I see, this is something I've wondered about... If the set is allowed to 'half contain' itself, or contain half of itself, then the paradox is kind of resolved. On your point about languages, I remember reading about the 'Santa claus sentence' which states: " If this sentence is true, then Santa Claus exists". Clearly, if the sentence were true, then Santa Claus would exist. But this is what the statement says, so Santa Claus must exist. Of course, if we instead ask what would happen if the statement is false, then we are not drawn to conclude that Santa Claus exists, merely that he wouldn't even if the sentence were true...

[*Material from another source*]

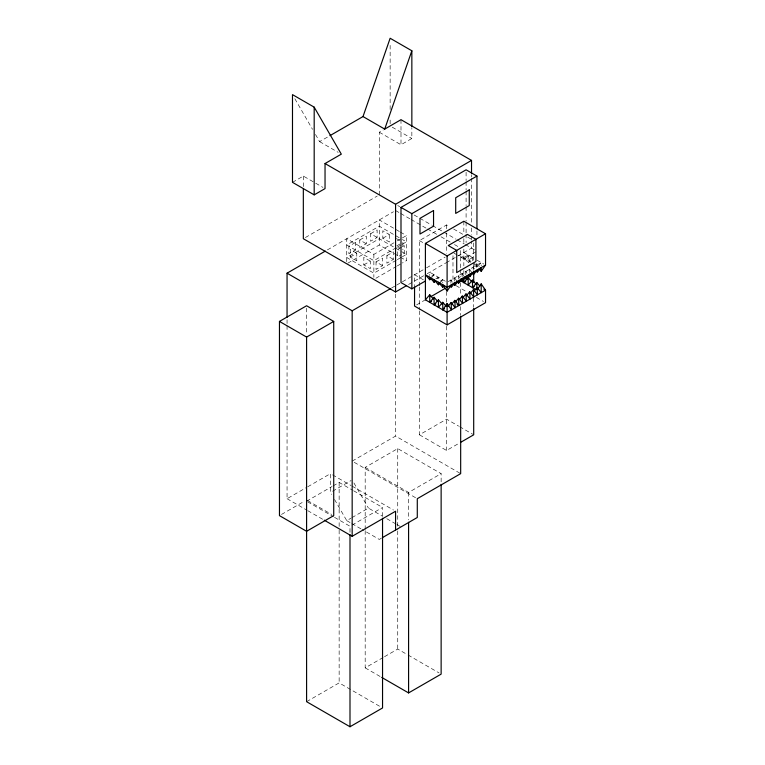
<?xml version="1.0" encoding="UTF-8"?>
<svg xmlns="http://www.w3.org/2000/svg" width="765" height="765" viewBox="0 0 765 765"><rect width="100%" height="100%" fill="white"/><g stroke="black" fill="none" stroke-linecap="round" stroke-linejoin="round"><path stroke-width="0.57" stroke-dasharray="3.83 2.87" d="M431.919 277.255L434.09 274.74L434.09 276.892M436.978 278.919L438.431 277.255L438.431 280.468M439.875 283.098L442.772 279.761L442.772 282.983M472.512 260.789L472.512 257.566L468.18 262.586L468.18 255.061L463.839 260.071L459.497 255.061L472.512 262.586M473.965 264.25L476.853 267.597L481.195 262.586L481.195 265.866M315.486 134.468L319.607 141.621L328.912 136.246M292.488 182.338L303.332 176.074L314.702 182.634M379.287 194.874L379.287 132.221L383.236 129.945M379.287 132.221L400.994 144.748L411.847 138.484L411.847 127.822M305.388 237.542L377.241 196.05M327.363 249.906L393.497 211.723M359.76 239.981L366.272 236.213L366.272 243.739L359.76 247.497L359.76 239.981L366.272 243.739M370.614 233.708L377.116 229.949L377.116 237.466L370.614 241.233L370.614 233.708L377.116 237.466M350.265 257.05L356.777 253.292L356.777 260.808L350.265 257.05L350.265 249.533L356.777 253.292M382.816 238.25L389.328 234.492L382.816 230.734L382.816 238.25L389.328 242.008L389.328 234.492M347.759 263.198L379.287 244.991L399.387 256.591M346.736 261.697L346.736 238.718L373.865 254.382L396.241 241.463M397.264 240.879L401.329 238.527M402.352 237.944L406.416 235.591L406.416 260.645L402.352 262.997M363.824 264.881L370.337 261.123L370.337 268.639L363.824 264.881L363.824 257.365L370.337 261.123M400.105 243.939L396.385 246.081L400.105 248.233M396.241 247.726L373.865 260.645L346.736 244.991L379.287 226.191L401.396 238.957M397.264 247.143L401.329 244.79M402.352 244.207L406.416 241.855L402.4 239.531M376.036 261.898L382.548 258.14L382.548 265.665L376.036 269.423L376.036 261.898L382.548 265.665M386.889 255.634L393.401 251.876L393.401 259.392L386.889 263.16L386.889 255.634L393.401 259.392M401.462 247.229L397.733 249.371L397.733 256.887L401.462 254.745M402.39 246.684L404.245 245.613L404.245 253.129L402.39 254.209M419.44 285.88L419.44 240.602L446.569 224.939L449.581 226.679M396.241 260.263L373.865 273.182L346.736 257.518L379.287 238.728L406.416 254.382L402.352 256.734M397.264 259.67L401.329 257.317M375.902 278.269L396.241 266.526M397.264 265.933L401.329 263.59M391.431 288.099L395.572 285.708M396.605 285.116L425.541 268.41M426.574 267.807L445.173 257.069M408.558 284.475L412.555 282.161M414.553 281.013L423.657 275.754M427.147 273.746L445.909 262.911M446.158 262.758L471.527 248.118L471.527 241.004M431.479 276.251L434.09 274.74M468.18 255.061L463.839 257.566L468.18 262.586M475.945 251.838L463.839 258.819L457.919 255.405M435.821 278.756L438.431 277.255M472.512 257.566L468.18 260.071L470.351 262.586M440.162 281.262L442.772 279.761M448.041 281.73L481.195 262.586M416.581 304.9L424.671 300.234M287.057 325.68L287.057 498.713L306.689 487.372M307.731 486.779L330.461 473.65L330.461 492.44L331.628 494.458M352.168 461.123L395.572 436.069L460.673 473.65M281.472 514.462L304.585 501.123M419.44 310.896L419.44 434.807L446.569 419.153L458.627 426.115M306.593 501.218L332.02 486.53M333.043 485.947L339.144 482.428L352.579 490.183M365.182 529.437L365.182 467.386L397.733 448.596L441.137 473.65L441.137 483.203M332.526 491.254L351.135 480.516M419.44 434.807L446.569 450.47L458.627 443.509M334.534 499.497L346.746 520.64L350.877 518.249M351.91 517.656L368.443 508.103L382.691 516.327M352.024 525.106L382.548 507.482L382.548 515.84M365.182 467.386L408.587 492.45L441.137 473.65M381.362 538.235L379.287 539.43L361.998 529.447M306.593 701.687L339.144 682.896L380.482 706.764M365.182 530.633L365.182 667.864L383.495 657.288M384.508 656.705L397.733 649.064L407.037 654.438M392.206 127.153L411.847 138.484M319.607 141.621L338.216 152.359M453.597 229.003L463.647 234.798M467.664 237.121L472.694 240.019M397.733 205.517L399.789 206.703M414.133 214.984L431.556 225.044M432.579 225.637L442.83 231.556M443.853 232.149L456.15 239.244M457.174 239.837L464.345 243.978M465.378 244.571L475.964 250.681M395.572 210.528L399.703 212.919M400.736 213.512L410.03 218.886M411.073 219.479L426.574 228.429M427.606 229.031L436.901 234.396M441.042 236.787L450.336 242.151M454.467 244.542L458.608 246.923M463.839 252.555L474.252 258.57M476.853 260.071L483.805 264.088M473.382 263.084L479.464 266.593M453.97 253.129L456.935 254.841M473.267 270.38L473.143 267.234L475.744 268.735M419.44 240.602L423.456 242.926M469.557 272.522L469.423 269.385L471.154 270.38M315.735 183.237L322.973 187.415M399.387 231.527L379.287 219.928L379.287 244.991M400.391 232.111L406.416 235.591M465.837 274.673L465.703 271.527L468.304 273.029M462.117 276.815L461.984 273.679L464.584 275.18M396.385 238.565L401.96 241.788M458.398 278.967L458.264 275.821L460.865 277.322M454.678 281.118L454.544 277.972L457.154 279.474M450.958 283.26L450.824 280.114L453.435 281.616M456.036 285.641L467.224 292.106M476.385 297.394L483.499 301.506M445.373 281.262L429.748 272.235L429.748 275.457M400.391 257.174L406.416 260.645M423.437 279.866L414.553 274.74L414.553 285.785M459.631 426.688L472.694 434.233M354.233 462.318L417.288 498.704M332.526 474.845L351.135 485.584M352.168 486.186L393.497 510.045M353.612 490.776L382.548 507.482M386.765 518.68L395.916 523.958M396.939 524.551L401.003 526.894M346.746 520.64L350.81 522.992M351.824 523.576L360.984 528.864M307.597 500.549L331.704 514.462M307.626 501.811L333.464 516.729M334.496 517.331L349.997 526.272L349.997 533.435M287.057 498.713L306.689 510.045M307.731 510.647L323.232 519.598M408.07 655.031L439.072 672.932M365.182 667.864L380.683 676.815M473.143 267.234L474.482 268.964M469.423 269.385L472.11 272.847M465.703 271.527L467.042 273.258M461.984 273.679L464.671 277.14M458.264 275.821L460.281 278.422M454.544 277.972L457.231 281.434M450.824 280.114L452.172 281.845M478.096 266.88L476.853 265.092L476.987 268.228M294.841 98.714L312.531 129.362M353.908 482.935L368.443 508.103M476.949 230.963L476.949 236.93M476.853 263.294L476.853 267.597M473.698 242.983L473.698 263.236M473.698 264.432L473.698 269.194M473.698 297.795L473.698 307.329M471.527 174.64L471.527 177.002M471.527 178.188L471.527 223.227M471.527 227.97L471.527 235.085M471.527 236.27L471.527 239.828M466.095 172.192L466.095 180.55M466.095 181.745L466.095 190.093M466.095 191.288L466.095 205.613M466.095 206.799L466.095 221.123M466.095 222.319L466.095 233.057M466.095 234.243L466.095 242.601M463.839 221.238L463.839 233.994M463.839 238.632L463.839 243.28M463.839 249.074L463.839 265.866M463.839 270.571L463.839 275.266M460.673 250.509L460.673 268.41M460.673 269.596L460.673 276.758M460.673 282.725L460.673 295.854M460.673 306.593L460.673 314.941M452.985 255.692L452.985 283.882M446.569 224.939L446.569 232.091M446.569 233.277L446.569 253.54M446.569 291.666L446.569 302.73M446.569 326.215L446.569 450.47M419.44 287.066L419.44 309.71M408.587 492.45L408.587 519.894M402.887 242.323L402.887 249.839M400.994 119.694L400.994 144.748M397.733 448.596L397.733 529.734M397.733 530.929L397.733 649.064M395.572 294.066L395.572 436.069M390.14 45.364L390.14 110.552M390.14 120.029L390.14 124.771M373.865 254.382L373.865 277.351M339.144 482.428L339.144 528.959M339.144 530.155L339.144 682.896M306.593 308.142L306.593 334.353M303.332 176.074L303.332 186.717M287.057 319.722L287.057 324.494M355.419 242.486L348.907 246.244L348.907 253.76L355.419 250.002L355.419 242.486"/><path stroke-width="1.15" d="M453.511 283.576L454.859 285.307L455.165 282.62L451.14 287.458L451.446 284.771L447.104 291.035L442.772 284.771L442.772 287.277L444.216 285.603M454.649 302.137L454.859 300.339L458.885 305.531L458.579 298.197L455.892 301.42M457.231 281.434L458.579 283.165L458.885 280.478L454.859 285.307M460.951 279.282L462.29 281.013L462.605 278.326L458.579 283.165M464.671 277.14L466.009 278.862L466.325 276.184L462.29 281.013M468.39 274.989L469.729 276.72L470.045 274.033L466.009 278.862M472.11 272.847L473.449 274.568L473.764 271.891L469.729 276.72M329.945 135.654L363.012 116.557L390.14 38.25L411.847 50.777L411.847 126.636M363.012 116.557L384.719 129.094L411.847 50.777M446.387 306.488L442.772 302.309L442.772 309.825L447.104 303.562L451.446 309.825L451.14 302.491L447.783 306.516M479.339 268.668L481.195 271.355L485.536 265.092L485.536 233.765L463.839 221.238L425.407 243.423L425.407 299.803L447.104 312.33L485.536 290.145L481.195 283.882L477.475 289.256M473.449 274.568L477.475 269.739L477.169 272.426L481.195 267.597L481.195 271.355M451.503 304.365L454.859 300.339L455.165 307.683L451.14 302.491M459.612 299.268L462.29 296.045L466.325 301.238L466.009 293.903L462.653 297.929M466.373 295.778L469.729 291.752L473.764 296.944L473.449 289.61L470.093 293.636M473.812 291.484L477.169 287.458L481.195 292.651L481.195 283.882M485.536 265.092L447.104 287.277L425.407 274.74L429.748 279.761L431.192 278.087M429.748 279.761L429.748 277.255L434.09 282.266L435.534 280.592M425.407 299.803L429.748 294.793L433.363 298.972M434.09 282.266L434.09 279.761L438.431 284.771L439.875 283.098M429.748 294.793L429.748 302.309L434.09 297.298L437.704 301.477M434.09 297.298L434.09 304.814L438.431 299.803L442.046 303.982M442.772 302.309L438.431 307.32L438.431 299.803M463.839 278.336L463.839 282.629L468.18 277.618L471.795 281.797M476.136 284.303L472.512 280.124L468.18 285.135L468.18 277.618M472.512 280.124L472.512 287.64L476.853 282.629L479.751 285.967M325.039 163.547L341.314 154.148L314.185 107.157L292.488 94.63L292.488 182.338L314.185 194.865L325.039 188.601L325.039 163.547L395.572 204.265L471.527 160.411L471.527 173.454M384.719 129.094L400.994 119.694L471.527 160.411M287.057 317.332L287.057 273.182L325.297 251.102M425.407 281.013L411.847 288.845L400.994 282.572L400.994 207.401L466.095 169.811L476.949 176.074L476.949 228.582M400.994 207.401L411.847 213.665L476.949 176.074M279.464 321.415L306.593 305.751L333.722 321.415L333.722 515.629L306.593 531.293L279.464 515.629L279.464 321.415L306.593 337.078L333.722 321.415M287.057 273.182L352.168 310.772L390.399 288.692M425.407 243.423L447.104 255.95L485.536 233.765M303.332 189.079L303.332 238.718L395.572 291.972L406.559 285.622M430.772 296.705L445.134 288.415M429.748 302.309L431.479 301.305M463.839 282.629L465.569 281.625M434.09 304.814L435.821 303.81M472.512 287.64L474.252 286.636M442.772 309.825L444.503 308.821M414.553 286.98L414.553 306.067L447.104 324.867L485.536 302.672L485.536 290.145L483.805 289.141M460.635 442.352L473.698 434.807L473.698 308.515M324.264 520.19L352.168 536.303L395.572 511.24L395.572 530.04M382.347 537.671L417.288 517.494L417.288 498.704L460.673 473.65L460.673 316.136M306.593 337.078L306.593 701.687L349.997 726.75L382.548 707.96L382.548 518.221M381.716 677.408L408.587 692.918L441.137 674.128L441.137 484.388M460.367 280.621L475.993 289.648M457.154 304.527L458.885 305.531M466.009 277.618L467.453 279.292M442.772 287.277L438.431 282.266L438.431 284.771M473.449 289.61L477.475 294.802L477.169 287.458M466.009 293.903L470.045 299.096L469.729 291.752M458.579 298.197L462.605 303.389L462.29 296.045M476.853 282.629L476.853 289.074M473.698 273.966L473.698 282.304M447.104 255.95L447.104 291.035M447.104 303.562L447.104 324.867M411.847 213.665L411.847 288.845M408.587 522.275L408.587 692.918M395.572 204.265L395.572 291.972M352.168 310.772L352.168 536.303M349.997 534.63L349.997 726.75M314.185 107.157L314.185 194.865M433.545 210.528L419.985 218.36L419.985 234.023L433.545 226.191L433.545 210.528M469.261 189.911L455.701 197.743L455.701 213.406L469.261 205.575L469.261 189.911M467.492 234.444L448.28 245.536L456.715 250.404L456.715 272.579L475.926 261.487L475.926 239.311L467.492 234.444"/></g></svg>

When thinking about this I realized that the problem might just be that the way language is structured is inherently linear, so that to expand the statement fully would require it to be an infinitely long sentence of the form: "If " If " If "If " ....infinitely deep ...." is true, then Santa Claus exists." is true, then Santa Claus exists. " is true, then Santa Claus exists. " is true, then Santa Claus exists." . This is the only way to parse the sentence using linear language, and clearly it depends on what the text 'infinitely deep' that I've used to signify the 'rock bottom' actually means. This is indeterminate, similar to how the equation can be expanded out into an infinite expression which converges to two possible values when you iterate upon it starting from a particular number. One of them is what's commonly called the golden ratio, the other is the negative reciprocal of the (what's commonly called) golden ratio.
I might think of more to say about this but don't currently have the time to do so, or to reply to your other comment. Hopefully I will soon.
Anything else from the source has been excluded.